The Court in the case of Damodar Kashinath Rasane v. Shahajsdibi And Ors . observed that
the Sunni Schools agrees in holding that a bequest in favor of an heir is invalid but, according
to the Shia law it would seem that a testator can leave a legacy to one of his heirs so long as
that legacy does not exceed one-third of his estate, and that such a legacy would be valid
without the consent of the other heirs and if the legacy exceeds one-third of the estate, it will
not be valid to any extent unless the consent of all the heirs, given after and not before the
death of the testators, had been obtained.

7. Jupudy Pardha Sarathy v. Pentapati Rama Krishna, (2016) 2 SCC 56


This was a case where the husband of the widow had bequeathed a limited interest in some
property to her. The court held that the interest was given to her in lieu of maintenance since
the husband was aware that she had no means to maintain herself and therefore, Section 14
(1) would apply and she had become the full owner of the property after the 1956 Act was
enacted.

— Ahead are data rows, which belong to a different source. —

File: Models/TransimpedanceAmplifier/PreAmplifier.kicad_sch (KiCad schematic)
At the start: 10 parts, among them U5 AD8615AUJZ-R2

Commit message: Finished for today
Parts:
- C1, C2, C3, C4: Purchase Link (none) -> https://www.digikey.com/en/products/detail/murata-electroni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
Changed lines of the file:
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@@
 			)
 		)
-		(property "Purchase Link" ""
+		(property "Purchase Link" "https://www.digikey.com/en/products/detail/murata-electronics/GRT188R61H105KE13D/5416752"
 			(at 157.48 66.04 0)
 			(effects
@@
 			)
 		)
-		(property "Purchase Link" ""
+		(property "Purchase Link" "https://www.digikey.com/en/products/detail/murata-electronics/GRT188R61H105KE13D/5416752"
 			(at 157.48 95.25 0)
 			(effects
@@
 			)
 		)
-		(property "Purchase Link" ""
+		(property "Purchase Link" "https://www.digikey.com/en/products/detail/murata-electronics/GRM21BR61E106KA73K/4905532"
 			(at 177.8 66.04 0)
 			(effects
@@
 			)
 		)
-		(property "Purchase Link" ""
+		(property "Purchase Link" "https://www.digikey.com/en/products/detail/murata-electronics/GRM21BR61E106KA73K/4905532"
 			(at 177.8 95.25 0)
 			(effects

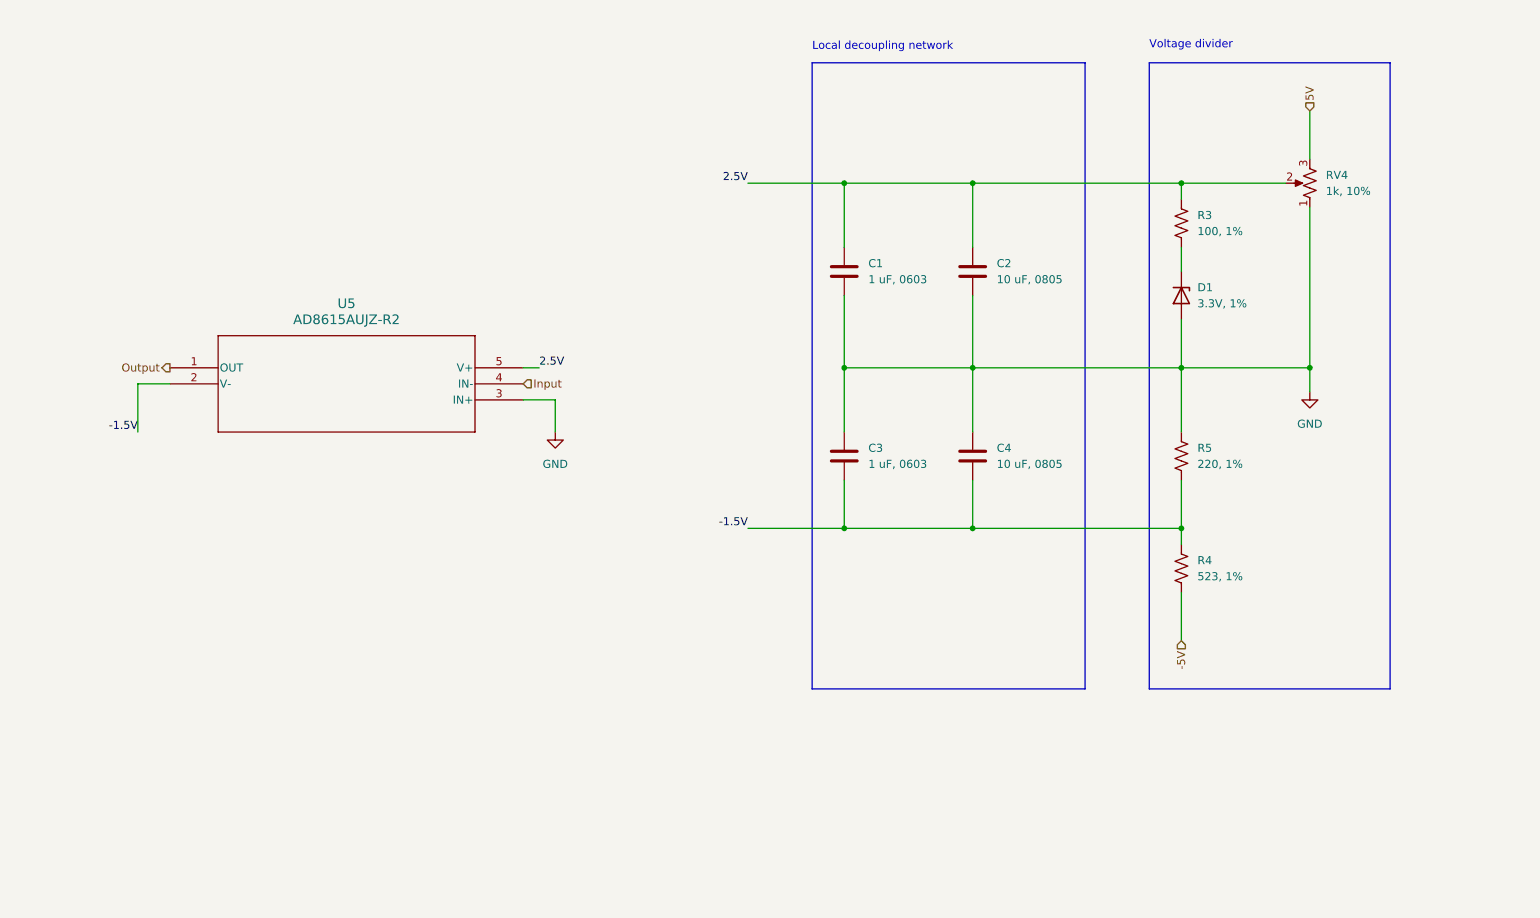
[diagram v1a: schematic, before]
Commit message: Fixed the 3.3V Zener
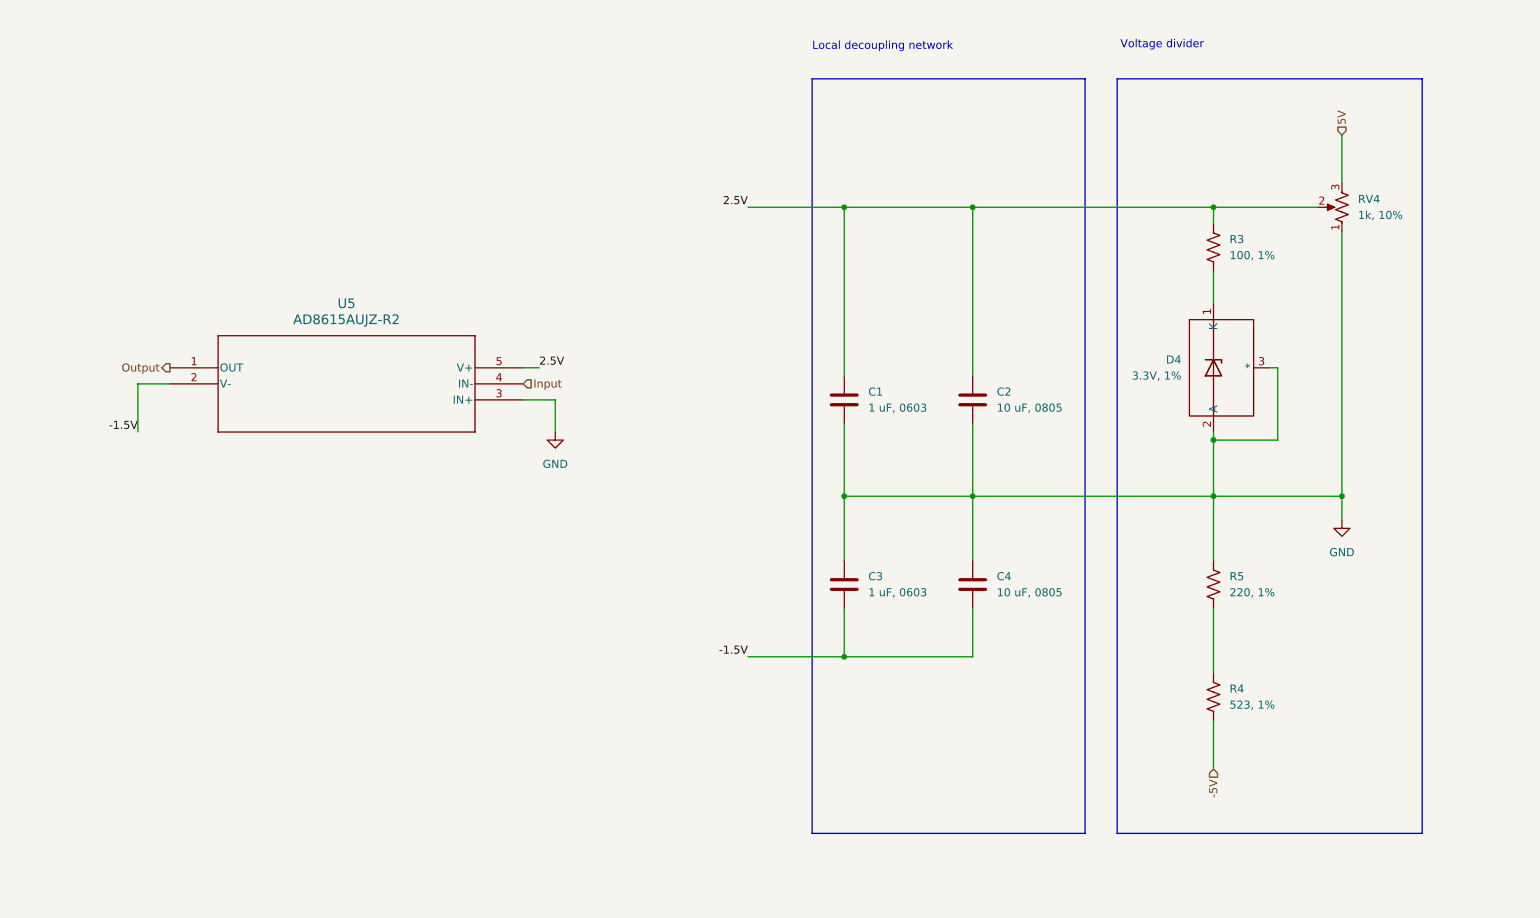
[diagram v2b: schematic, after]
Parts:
- removed D1: 3.3V, 1%, symbol Device:D_Zener
- added D4: 3.3V, 1%, symbol Custom:D_Zener
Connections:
- net -1.5V: no longer R4.1, R5.2
- net GND: now also D4.2 (A), D4.3 (*)
- net at R3.2: now also D4.1 (K)
- new net: R4.1, R5.2
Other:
- moved on the sheet: C1, C2, C3, C4, R3, R4, R5, RV4

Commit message: Save progress
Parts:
- removed D4: 3.3V, 1%, symbol Custom:D_Zener
- added D1: 3.3V, 1%, symbol Custom:D_Zener
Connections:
- net GND: now also D1.2 (A), D1.3 (*)
- net at R3.2: now also D1.1 (K)

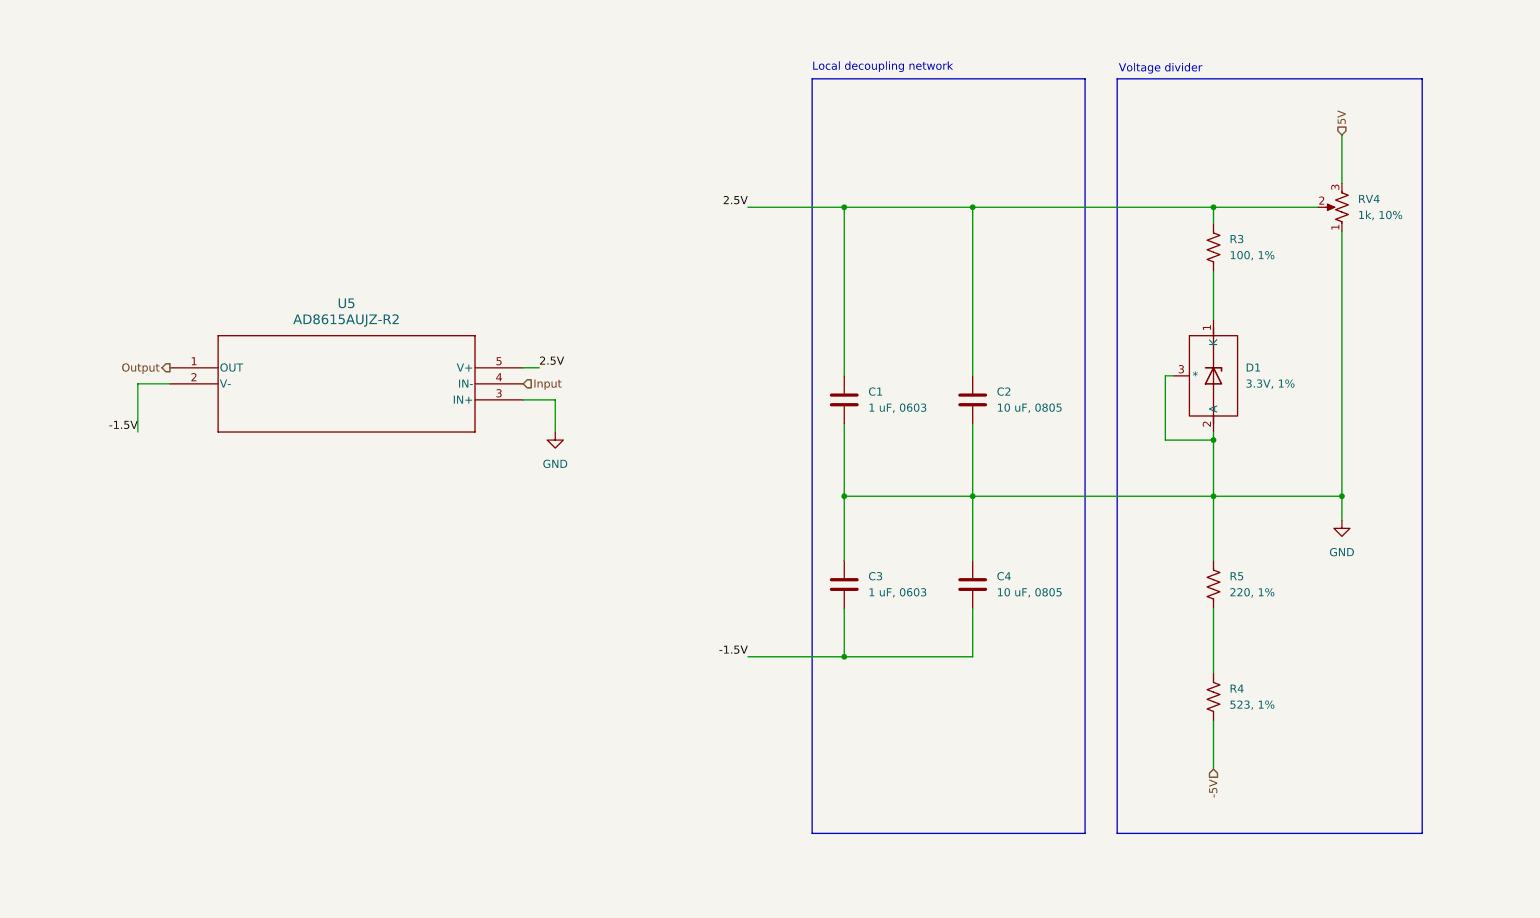
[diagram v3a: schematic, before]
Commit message: This should be all of the pin headers
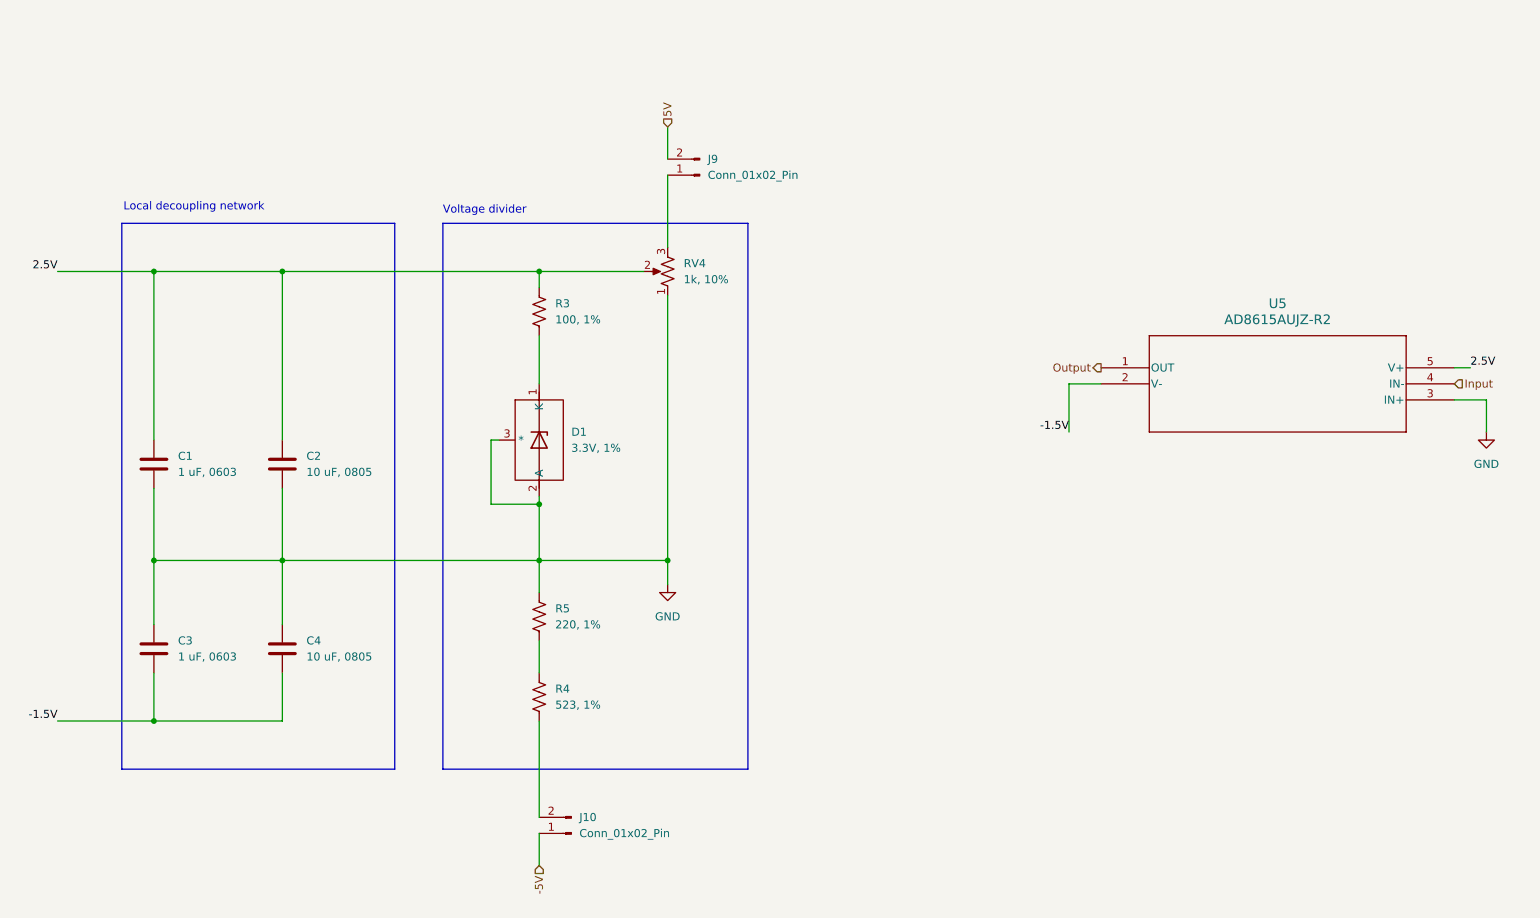
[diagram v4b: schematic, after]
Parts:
- added J10, J9: Conn_01x02_Pin, symbol Connector:Conn_01x02_Pin
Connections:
- net -5V: now also J10.1 (Pin_1); no longer R4.2
- net 5V: now also J9.2 (Pin_2); no longer RV4.3
- new net: J9.1 (Pin_1), RV4.3
- new net: J10.2 (Pin_2), R4.2
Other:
- moved on the sheet: C1, C2, C3, C4, D1, R3, R4, R5, RV4, U5

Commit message: Save progress
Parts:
- J10, J9: Purchase Link (none) -> https://www.digikey.com/en/products/detail/sullins-connecto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
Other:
- moved on the sheet: C1, C2, C3, C4, D1, J10, J9, R3, R4, R5, RV4, U5

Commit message: Save progress
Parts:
- U5: footprint UJ_5_ADI -> (none)
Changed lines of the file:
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@@
 			)
 		)
-		(property "Footprint" "UJ_5_ADI"
+		(property "Footprint" ""
 			(at 43.18 81.28 0)
 			(effects

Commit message: Save progress
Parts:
- U5: value AD8615AUJZ-R2 -> AD8615
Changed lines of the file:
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@@
 			)
 		)
-		(property "Value" "AD8615AUJZ-R2"
+		(property "Value" "AD8615"
 			(at 71.12 73.66 0)
 			(effects

They gave a narrow meaning to Section 14 (2) to ensure that the woman gets the
benefit of Section 14 (1) and upheld the spirit of the provision.

Hindu Succession Act, 1956 — S. 14(1) or S. 14(2) — Applicability: Property given to


Hindu woman in lieu of her pre-existing right of maintenance, even if by will creating only
life interest, same would get transformed into absolute right by operation of S. 14(1). Even in
absence of express words in will that life interest granted to her is in lieu of her maintenance,
if same can be gathered from nature of arrangements made in will for her enjoyment of the
property and if no one disputed the arrangement pursuant to which she continued to enjoy the
property in lieu of maintenance, then no pleading and further proof required to substantiate
the fact. []

8. Sri Daulatarao Ramachandra ... vs Smt Janabai Anandarao Jadhav

Section 14(1) of Hindu seccession Act, 1956.

9. Shehammal v. Hassan Khani Rawther

Spes successionis can be transferred in some cases

Rawther died intestate in 1986 leaving 1.70 acres of land as his estate. One of his sons
Hassan Khani obtained a decree from the Kerala High Court that the entire property belonged
to him as his late father had before his death bequeathed it to him through an oral agreement
in 1982. It was claimed the father bequeathed it to him since the other five siblings had left
the family home to set up their own families and as part of the deal decided to relinquish all
their rights on the estate after having taken some consideration.

Family arrangement would necessarily mean a decision arrived at jointly by the members of
the family and not between two individuals belonging to family in the context of spec
successionis

A Muslim is entitled to relinquish his property even before inheritance from the original
owner but is precluded from re-claiming it.